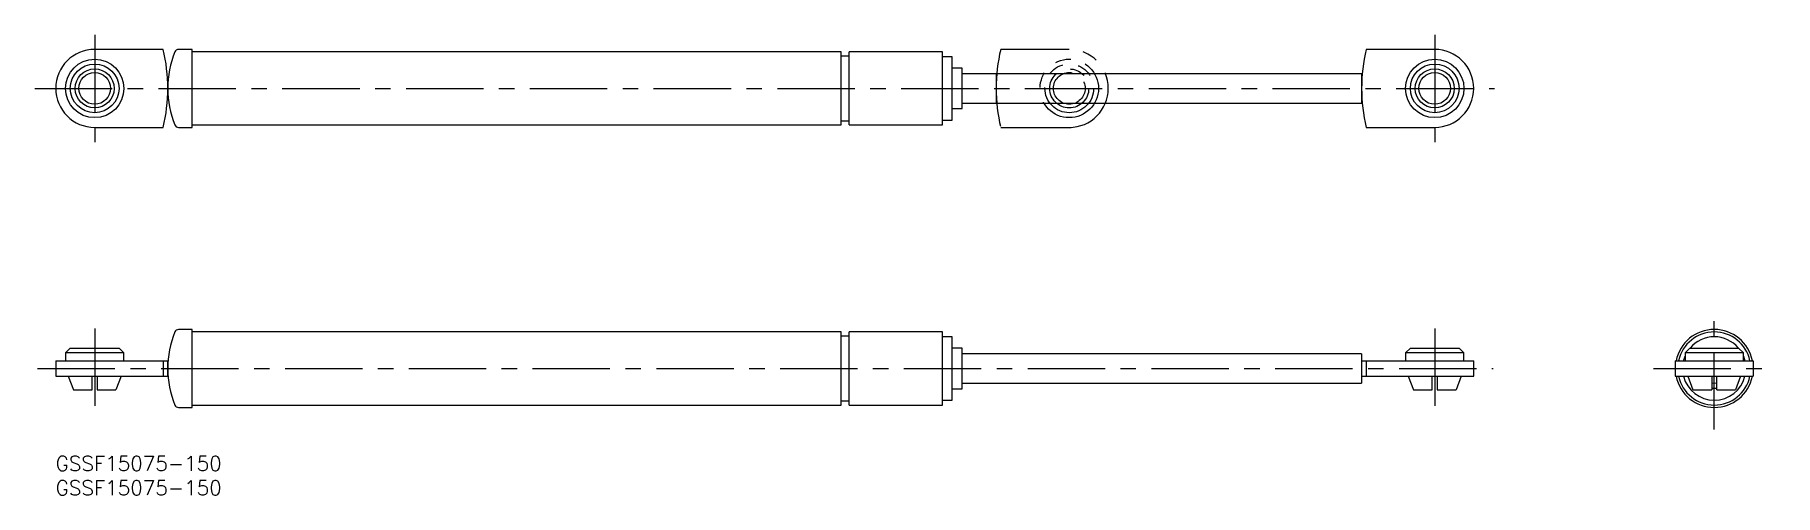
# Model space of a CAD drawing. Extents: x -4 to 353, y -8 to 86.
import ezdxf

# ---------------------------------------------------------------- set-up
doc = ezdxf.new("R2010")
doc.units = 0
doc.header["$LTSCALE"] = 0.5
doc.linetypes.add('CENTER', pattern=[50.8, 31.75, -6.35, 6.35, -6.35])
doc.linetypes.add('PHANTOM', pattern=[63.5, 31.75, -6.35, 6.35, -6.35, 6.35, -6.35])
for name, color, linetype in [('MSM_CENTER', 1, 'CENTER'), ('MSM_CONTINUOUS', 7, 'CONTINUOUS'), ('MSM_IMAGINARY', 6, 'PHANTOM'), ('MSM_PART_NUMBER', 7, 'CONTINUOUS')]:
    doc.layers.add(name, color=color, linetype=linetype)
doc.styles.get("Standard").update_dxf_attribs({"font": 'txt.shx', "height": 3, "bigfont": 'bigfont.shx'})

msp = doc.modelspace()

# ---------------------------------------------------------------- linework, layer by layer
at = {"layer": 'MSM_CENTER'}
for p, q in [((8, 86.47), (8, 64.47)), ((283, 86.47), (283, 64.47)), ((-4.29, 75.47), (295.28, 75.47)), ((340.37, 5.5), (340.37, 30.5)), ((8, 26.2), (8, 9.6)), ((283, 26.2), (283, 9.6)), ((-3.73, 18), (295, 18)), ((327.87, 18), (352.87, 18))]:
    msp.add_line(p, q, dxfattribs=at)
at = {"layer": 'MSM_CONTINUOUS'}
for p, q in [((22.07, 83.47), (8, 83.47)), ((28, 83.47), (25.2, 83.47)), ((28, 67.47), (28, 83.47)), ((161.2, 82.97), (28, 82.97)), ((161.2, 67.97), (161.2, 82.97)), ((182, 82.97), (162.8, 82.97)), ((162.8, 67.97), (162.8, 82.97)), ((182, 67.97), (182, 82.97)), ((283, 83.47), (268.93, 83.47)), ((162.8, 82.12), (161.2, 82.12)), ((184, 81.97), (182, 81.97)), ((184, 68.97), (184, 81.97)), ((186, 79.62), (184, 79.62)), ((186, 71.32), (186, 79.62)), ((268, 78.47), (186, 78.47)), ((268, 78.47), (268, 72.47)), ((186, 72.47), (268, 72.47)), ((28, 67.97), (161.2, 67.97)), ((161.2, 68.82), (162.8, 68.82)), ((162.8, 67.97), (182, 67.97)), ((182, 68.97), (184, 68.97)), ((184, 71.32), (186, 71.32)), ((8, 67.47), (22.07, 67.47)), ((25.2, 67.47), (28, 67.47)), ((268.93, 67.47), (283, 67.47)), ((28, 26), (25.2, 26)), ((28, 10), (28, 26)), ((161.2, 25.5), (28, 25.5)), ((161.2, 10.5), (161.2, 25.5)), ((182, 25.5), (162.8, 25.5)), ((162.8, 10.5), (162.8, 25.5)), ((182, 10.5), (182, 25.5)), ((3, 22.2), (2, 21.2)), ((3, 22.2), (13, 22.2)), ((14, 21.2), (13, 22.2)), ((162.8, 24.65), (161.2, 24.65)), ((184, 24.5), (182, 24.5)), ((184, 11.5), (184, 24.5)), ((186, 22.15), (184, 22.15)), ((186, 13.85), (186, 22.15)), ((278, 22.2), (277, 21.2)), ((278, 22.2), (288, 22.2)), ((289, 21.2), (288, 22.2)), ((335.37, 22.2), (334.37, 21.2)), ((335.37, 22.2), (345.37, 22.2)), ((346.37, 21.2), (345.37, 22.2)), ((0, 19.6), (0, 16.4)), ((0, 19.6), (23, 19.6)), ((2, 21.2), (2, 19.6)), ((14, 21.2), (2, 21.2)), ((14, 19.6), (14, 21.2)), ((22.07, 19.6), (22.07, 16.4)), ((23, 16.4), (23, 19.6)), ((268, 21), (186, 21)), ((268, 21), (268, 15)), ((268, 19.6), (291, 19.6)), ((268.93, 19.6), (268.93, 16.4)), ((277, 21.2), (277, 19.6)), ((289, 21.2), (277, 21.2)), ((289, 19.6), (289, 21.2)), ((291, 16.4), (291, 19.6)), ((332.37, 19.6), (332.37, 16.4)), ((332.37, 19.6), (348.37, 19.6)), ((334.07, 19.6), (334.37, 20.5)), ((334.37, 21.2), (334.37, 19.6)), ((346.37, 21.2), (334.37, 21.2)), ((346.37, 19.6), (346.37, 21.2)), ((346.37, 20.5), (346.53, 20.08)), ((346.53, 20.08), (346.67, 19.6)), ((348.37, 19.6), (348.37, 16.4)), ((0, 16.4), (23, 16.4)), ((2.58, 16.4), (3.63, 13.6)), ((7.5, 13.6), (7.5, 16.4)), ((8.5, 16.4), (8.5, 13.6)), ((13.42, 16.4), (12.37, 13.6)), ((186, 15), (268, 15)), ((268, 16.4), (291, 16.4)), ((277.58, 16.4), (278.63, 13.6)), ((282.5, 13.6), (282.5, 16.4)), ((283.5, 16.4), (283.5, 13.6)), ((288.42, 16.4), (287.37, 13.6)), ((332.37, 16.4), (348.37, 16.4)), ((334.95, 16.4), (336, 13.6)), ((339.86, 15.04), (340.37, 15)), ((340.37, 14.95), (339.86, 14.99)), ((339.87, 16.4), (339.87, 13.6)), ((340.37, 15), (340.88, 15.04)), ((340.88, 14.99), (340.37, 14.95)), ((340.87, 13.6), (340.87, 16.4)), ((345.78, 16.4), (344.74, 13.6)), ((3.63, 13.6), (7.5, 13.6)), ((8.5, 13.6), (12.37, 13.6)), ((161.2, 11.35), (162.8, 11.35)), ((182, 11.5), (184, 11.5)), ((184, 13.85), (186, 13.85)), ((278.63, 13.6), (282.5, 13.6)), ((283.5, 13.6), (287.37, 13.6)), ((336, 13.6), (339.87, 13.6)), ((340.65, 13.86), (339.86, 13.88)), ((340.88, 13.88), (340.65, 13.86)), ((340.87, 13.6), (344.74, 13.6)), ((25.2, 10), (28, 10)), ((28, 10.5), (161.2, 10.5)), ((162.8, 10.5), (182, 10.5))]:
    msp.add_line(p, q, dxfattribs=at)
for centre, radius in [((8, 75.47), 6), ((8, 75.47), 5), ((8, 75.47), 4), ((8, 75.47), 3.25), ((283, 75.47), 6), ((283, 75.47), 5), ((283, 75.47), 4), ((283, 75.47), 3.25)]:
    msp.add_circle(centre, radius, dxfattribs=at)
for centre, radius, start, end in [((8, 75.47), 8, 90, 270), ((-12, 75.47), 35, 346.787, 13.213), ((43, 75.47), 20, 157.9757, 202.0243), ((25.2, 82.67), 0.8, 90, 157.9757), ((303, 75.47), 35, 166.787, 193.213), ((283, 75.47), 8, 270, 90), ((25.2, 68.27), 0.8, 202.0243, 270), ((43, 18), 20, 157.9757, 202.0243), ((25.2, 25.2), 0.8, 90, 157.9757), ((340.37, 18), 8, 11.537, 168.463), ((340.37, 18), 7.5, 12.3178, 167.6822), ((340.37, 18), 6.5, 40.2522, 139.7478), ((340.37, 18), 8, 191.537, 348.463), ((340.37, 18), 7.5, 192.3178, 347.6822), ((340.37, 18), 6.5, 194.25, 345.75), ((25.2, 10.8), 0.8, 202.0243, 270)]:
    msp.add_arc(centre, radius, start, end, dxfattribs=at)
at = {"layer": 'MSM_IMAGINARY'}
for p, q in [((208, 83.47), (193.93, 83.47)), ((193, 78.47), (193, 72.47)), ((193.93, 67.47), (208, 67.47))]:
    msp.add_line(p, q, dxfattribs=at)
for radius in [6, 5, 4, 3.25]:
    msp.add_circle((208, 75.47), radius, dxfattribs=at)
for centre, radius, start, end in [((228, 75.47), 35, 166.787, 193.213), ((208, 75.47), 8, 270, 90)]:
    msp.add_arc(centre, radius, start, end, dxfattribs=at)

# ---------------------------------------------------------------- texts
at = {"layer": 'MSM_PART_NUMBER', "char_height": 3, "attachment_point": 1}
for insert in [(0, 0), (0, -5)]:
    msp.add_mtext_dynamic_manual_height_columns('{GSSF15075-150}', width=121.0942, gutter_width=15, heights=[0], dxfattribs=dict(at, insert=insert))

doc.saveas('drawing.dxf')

+ + + +

◆ **What is needed**:
Search the data above for the word "PHANTOM" and report how many lines contain it, with nothing further.

◆ **Solution below**:
2